Age ≥ 18 years, ECOG performance status ≤ 2
Histologically confirmed diagnosis of iNHL (Subtypes include FL Grades 1 to 3a, marginal zone lymphoma (splenic, nodal, or extranodal), or SLL
Must have received 1 prior systemic regimen for iNHL
Must have documented radiologic evidence of disease progression, and at least 1 bi-dimensionally measurable lesion ≥ 1.5 cm (which has not been previously irradiated), according to 2007 revised IWG criteria

Must have adequate organ function defined by the following laboratory parameters:

Absolute neutrophil count (ANC) ≥ 1.0 × 10^9/L
Platelet count ≥ 75 × 10^9/L
Serum creatinine < 2.0 mg/dL (197 µmol/L)
Total bilirubin ≤ 1.5 × upper limit of normal (ULN) (exception: subjects with Gilbert's Syndrome may have a bilirubin > 1.5 × ULN)
Aspartate transaminase (AST)/serum glutamic-oxaloacetic transaminase (SGOT) and alanine aminotransferase (ALT)/serum pyruvic transaminase (SGPT) ≤ 3.0 × ULN

Exclusion Criteria:

Anticancer treatment, major surgery, or use of any investigational drug within 28 days before the start of study intervention; palliative radiation therapy is allowed if > 7 days and any toxicity is Grade ≤ 1
Clinical or histological evidence of transformation to a more aggressive subtype of lymphoma or grade 3b FL or Richters' transformation or CLL
Prior allogeneic hematopoietic stem cell transplant (HSCT); treatment with a PI3K inhibitor
History of drug-induced colitis or pneumonitis; TB treatment ≤ 2 years prior to randomization; administration of a live or live attenuated vaccine within 6 weeks of randomization
Ongoing treatment with chronic immunosuppressants or systemic steroids or treatment for systemic bacterial, fungal, or viral infection
Active cytomegalovirus (CMV) or Epstein-Barr virus (EBV) infection
Unable to receive prophylactic treatment for pneumocystis, herpes simplex virus (HSV), or herpes zoster (VZV) at screening
Concurrent administration of medications or foods that are strong inhibitors or inducers of cytochrome P450 3A (CYP3A).

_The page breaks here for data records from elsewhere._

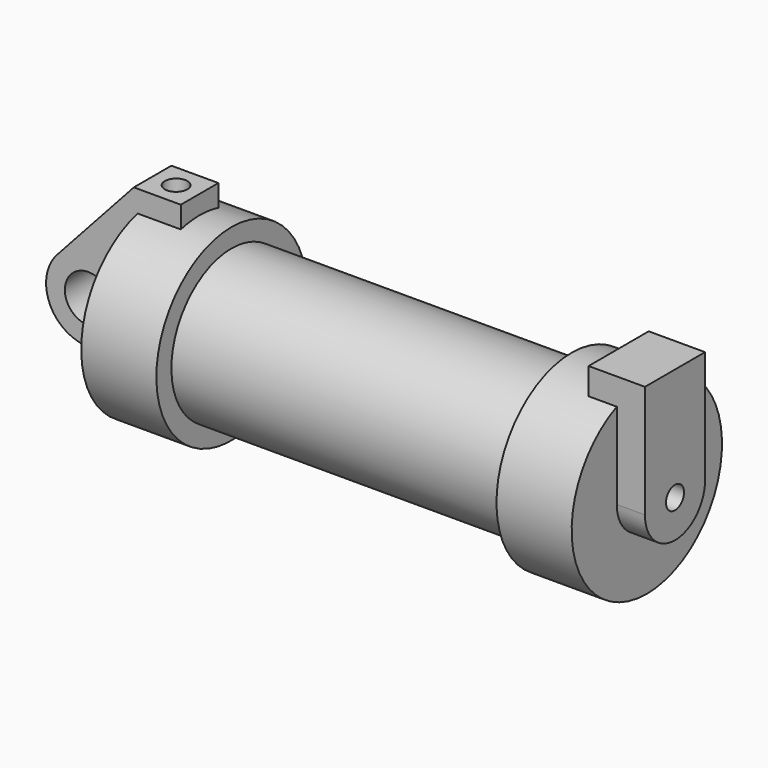
from build123d import *

# Parameters (mm, degrees)
F0_R     = 3.175
F0_W     = 5.842
F0_H     = 12.7
F2_DEPTH = 3.175
F4_R     = 1.524
F5_DEPTH = 3.81
F7_R     = 1.524
F9_DEPTH = 17.78


# Not quite as in the source:
# - the program builds the solid bodies; features that only make, move or delete a surface that nothing else refers to are left out


with BuildPart() as f1:
    # F0 (on Front) → F1 (revolve)
    with BuildSketch(Plane.XZ):
        Polygon((5.842, 12.7), (5.842, 0), (66.294, 0), (66.294, 12.7), (56.134, 12.7), (56.134, 10.16), (10.16, 10.16), (10.16, 12.7), align=None)
    revolve(axis=Axis((33.147, 0, 0), (-1, 0, 0)))

    # F0 (on Front) → F2 (join, symmetric)
    with BuildSketch(Plane.XZ):
        with BuildLine():
            Line((5.842, 0), (0, 0))
            Line((0, 0), (-0.9398, 0))
            ThreePointArc((-0.9398, 0), (-3.1957909266, -4.5493385486), (-8.1826630726, -5.5069827884))
            Line((-8.1826630726, -5.5069827884), (5.842, -9.398))
            Line((5.842, -9.398), (5.842, 0))
        make_face()
        with BuildLine():
            ThreePointArc((-8.1826630726, -5.5069827884), (-3.1957909266, -4.5493385486), (-0.9398, 0))
            ThreePointArc((-0.9398, 0), (-4.5919612295, 5.3297205562), (-10.8806298187, 3.8475430269))
            ThreePointArc((-10.8806298187, 3.8475430269), (-12.1459778134, -1.5837270034), (-8.1826630726, -5.5069827884))
        make_face()
        with Locations((-6.6548, 0)):
            Circle(F0_R, mode=Mode.SUBTRACT)
        with BuildLine():
            Line((-0.9398, 0), (0, 0))
            Line((0, 0), (0, 12.7))
            Line((0, 12.7), (5.842, 12.7))
            Line((5.842, 12.7), (5.842, 15.24))
            Line((5.842, 15.24), (-0.508, 15.24))
            Line((-0.508, 15.24), (-10.8806298187, 3.8475430269))
            ThreePointArc((-10.8806298187, 3.8475430269), (-4.5919612295, 5.3297205562), (-0.9398, 0))
        make_face()
        with Locations((2.921, 6.35)):
            Rectangle(F0_W, F0_H)
    extrude(amount=F2_DEPTH, both=True)

    # F0 (on Front) → F3 (revolve)
    with BuildSketch(Plane.XZ):
        with Locations((2.921, 6.35)):
            Rectangle(F0_W, F0_H)
    revolve(axis=Axis((33.147, 0, 0), (-1, 0, 0)))

    # F4 (on face) → F5 (join, symmetric)
    with BuildSketch(Plane.YZ.offset(66.294)):
        with BuildLine():
            ThreePointArc((-5.08, 0), (0, -5.08), (5.08, 0))
            ThreePointArc((5.08, 0), (0, 5.08), (-5.08, 0))
        make_face()
        Circle(F4_R, mode=Mode.SUBTRACT)
        with BuildLine():
            ThreePointArc((-5.08, 0), (0, 5.08), (5.08, 0))
            Line((5.08, 0), (5.08, 11.6397422652))
            ThreePointArc((5.08, 11.6397422652), (0, 12.7), (-5.08, 11.6397422652))
            Line((-5.08, 11.6397422652), (-5.08, 0))
        make_face()
        with BuildLine():
            ThreePointArc((-5.08, 11.6397422652), (0, 12.7), (5.08, 11.6397422652))
            Line((5.08, 11.6397422652), (5.08, 15.24))
            Line((5.08, 15.24), (-5.08, 15.24))
            Line((-5.08, 15.24), (-5.08, 11.6397422652))
        make_face()
    extrude(amount=F5_DEPTH, both=True)

    # F7 (on face) → F9 (cut)
    with BuildSketch(Plane.XY.offset(15.24)):
        with Locations((2.667, 0)):
            Circle(F7_R)
    extrude(amount=-F9_DEPTH, mode=Mode.SUBTRACT)


solid = f1.part

No prior use within 2 weeks before the start of study intervention.
Baseline QTcF > 500 ms
Concurrent active malignancy other than non-melanoma skin cancer or carcinoma in situ of the cervix, bladder cancer, or prostate cancer not requiring treatment. Subjects with previous malignancies are eligible if they have been disease-free for 2 years or more.
Unstable or severe uncontrolled medical condition that would, in the Investigator's judgment, increase the subject's risk to participating in this study.